Quality Engineer, Validation Manager

I'm currently working with an established Pharma company that has been keen on innovation for the last 50 years. Despite having the first FDA approved injection of its kind, growth is still the name of the game. It's time to continue to build out their Quality leadership team.

Responsibilities:

• Lead and manage the Validation and Quality Engineering teams responsible for qualification and validation activities across facilities, utilities, equipment, and processes.
• Oversee all commissioning, qualification, and validation (CQV) activities, including URS development, IQ, OQ, PQ, engineering studies, risk assessments, and summary reporting.
• Develop and maintain the site Validation Master Plan (VMP), ensuring alignment with current regulatory guidance and industry best practices.
• Provide technical support and subject matter expertise during regulatory inspections, client audits, and internal quality reviews.
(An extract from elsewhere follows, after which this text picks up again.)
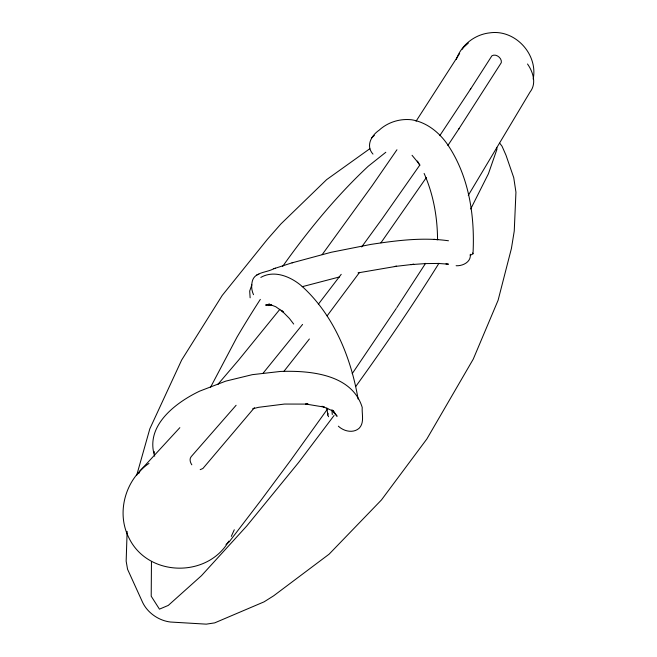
<?xml version="1.0" encoding="UTF-8"?>
<svg xmlns="http://www.w3.org/2000/svg" width="657" height="657" viewBox="0 0 657 657"><rect width="100%" height="100%" fill="white"/><g stroke="black" fill="none" stroke-linecap="round" stroke-linejoin="round"><path stroke-width="0.99" d="M151.463 561.407L151.209 596.211L159.446 609.146L168.274 605.417L201.502 575.655L246.712 526.035L298.582 462.536L334.076 415.479M470.272 254.251C471.365 261.938 462.709 266.159 456.122 265.732M437.546 239.682C437.439 217.04 433.341 194.209 424.118 173.44M470.272 255.343L472.999 253.791C474.962 216.785 469.32 177.751 448.706 146.232C440.321 133.264 427.37 122.424 411.775 119.796C400.031 118.416 387.819 122.177 379.122 130.217C371.221 135.597 365.563 145.911 372.979 154.099M127.13 531.423L126.16 561.16L127.557 569.258L142.741 602.65C147.85 613.121 159.01 620.701 170.541 622.031L206.29 624.15L214.683 622.877L264.089 601.845L273.69 595.784L329.108 554.171L381.462 499.936L426.845 438.991L473.262 359.108L498.096 300.282L511.425 248.436L514.25 231.018L515.942 192.173L513.741 177.653L506.021 155.274L502.047 146.248L499.755 143.201M533.164 79.095C538.247 54.326 515.17 29.171 489.908 32.85C474.756 34.435 461.263 45.029 456.303 59.45M328.566 416.743L327.786 415.035L328.081 413.269M136.607 475.594L149.821 428.84L181.652 360.044L222.189 295.478L267.399 239.32L280.9 223.955L326.611 179.648L369.825 148.72M234.278 529.772L231.313 536.375M138.709 473.656L139.982 470.929L179.846 427.658M251.894 284.752L249.693 291.051L250.128 297.802M470.691 209.008L488.406 173.793L496.947 149.279L496.749 147.382M210.478 387.416L237.046 337.066A861.335 335.349 -77.6 0 1 260.328 299.378M228.841 541.105C207.513 578.226 147.833 577.142 128.936 537.894C115.887 512.46 125.536 479.216 148.991 463.399M468.277 195.375L530.051 92.021C536.761 83.57 533.123 71.991 527.522 64M459.637 53.504L416.053 121.233M462.323 49.242L463.399 47.542L468.342 43.075M425.58 263.334L396.828 307.591M470.256 89.582L491.896 55.812C495.936 53.242 502.219 58.112 501.307 62.661L458.496 129.47M470.773 88.769L439.779 135.654M447.885 145.46L459.029 128.649M396.278 308.445L352.177 373.702M396.943 149.763L372.092 185.791L322.144 254.653M426.45 177.423L380.92 242.819M419.946 164.874L381.906 219.142L361.654 246.942M327.777 408.638L290.731 460.245L260.813 500.511L229.121 541.959L225.983 544.448M359.576 272.343L327.112 315.877M341.221 274.33L318.349 304.224M309.373 338.987L283.84 371.443M279.89 309.291L238.746 359.937L217.763 384.526M302.581 324.418L262.899 373.439M254.407 407.701L202.898 468.498L200.188 469.648M236.109 405.279L191.187 456.656C189.159 459.046 190.251 462.503 191.828 464.819M371.788 137.765L374.35 135.383M275.439 268.187L273.632 268.779C266.668 272.77 254.218 271.875 252.214 281.631C251.171 285.976 251.598 290.632 253.512 294.681M385.815 152.268L368.183 166.287A861.335 335.349 -77.6 0 0 282.567 266.504M260.829 277.418C274.7 269.403 292.028 277.188 302.787 287.01C334.142 315.877 350.978 357.72 358.106 399.029M268.557 305.612L271.054 304.421M256.739 274.946L258.85 274.24M292.037 262.841L331.227 252.272L370.844 244.412C396.467 240.528 422.615 237.095 448.476 240.774M270.323 304.544L265.592 305.053L271.67 305.103L268.787 304.043L275.776 306.745L283.29 312.083L281.344 310.301L289.384 318.423L293.687 324.049M273.632 268.779L293.203 262.455M302.171 286.707L339.628 276.909M252.74 408.744L258.677 407.299L284.497 404.055L308.1 404.096L305.661 404.022L324.246 407.102L322.669 406.461M358.057 272.869L396.59 266.266L394.323 266.537L413.77 264.27L410.937 264.615L425.695 263.58L438.268 263.449L448.444 264.171L445.955 263.892M433.957 239.312L437.808 239.706M321.996 406.215L333.789 411.364L332.171 410.157M331.859 410.411L337.107 416.283L333.23 410.715M412.054 155.298L418.961 163.675L417.277 161.08L419.766 165.482M472.555 252.978L472.999 253.791M338.355 426.171A21.977 20.186 -2.2 0 0 341.106 428.323C346.428 431.813 354.148 432.782 359.174 428.233C364.61 422.673 361.728 414.263 362.221 407.422C352.004 373.956 309.529 370.408 280.416 371.451L252.321 374.662L225.721 381.142L199.712 391.12C176.133 402.306 144.688 425.687 154.699 456.213M326.89 407.956L327.786 415.035M331.925 409.911L332.27 414.534M438.95 263.268A790.552 118.49 -48.2 0 1 355.683 386.579M154.214 453.19A22.683 20.704 -9.9 0 1 154.239 451.482"/></g></svg>

The ideal candidate brings:

• A strong technical foundation in validation and aseptic processing
• Deep understanding of regulatory compliance
• Proven leadership and project management capabilities
• Experience with isolators and RABS (highly preferred)

Competitive comp package:

• Bonus
• Health, vision, dental insurance

This position involves close collaboration with cross-functional teams in Manufacturing, Engineering, and Quality to ensure validation activities are executed efficiently, documented thoroughly, and maintained in a state of compliance. This position plays a key role in ensuring that facilities, utilities, equipment, and processes operate in compliance with cGMP and regulatory expectations.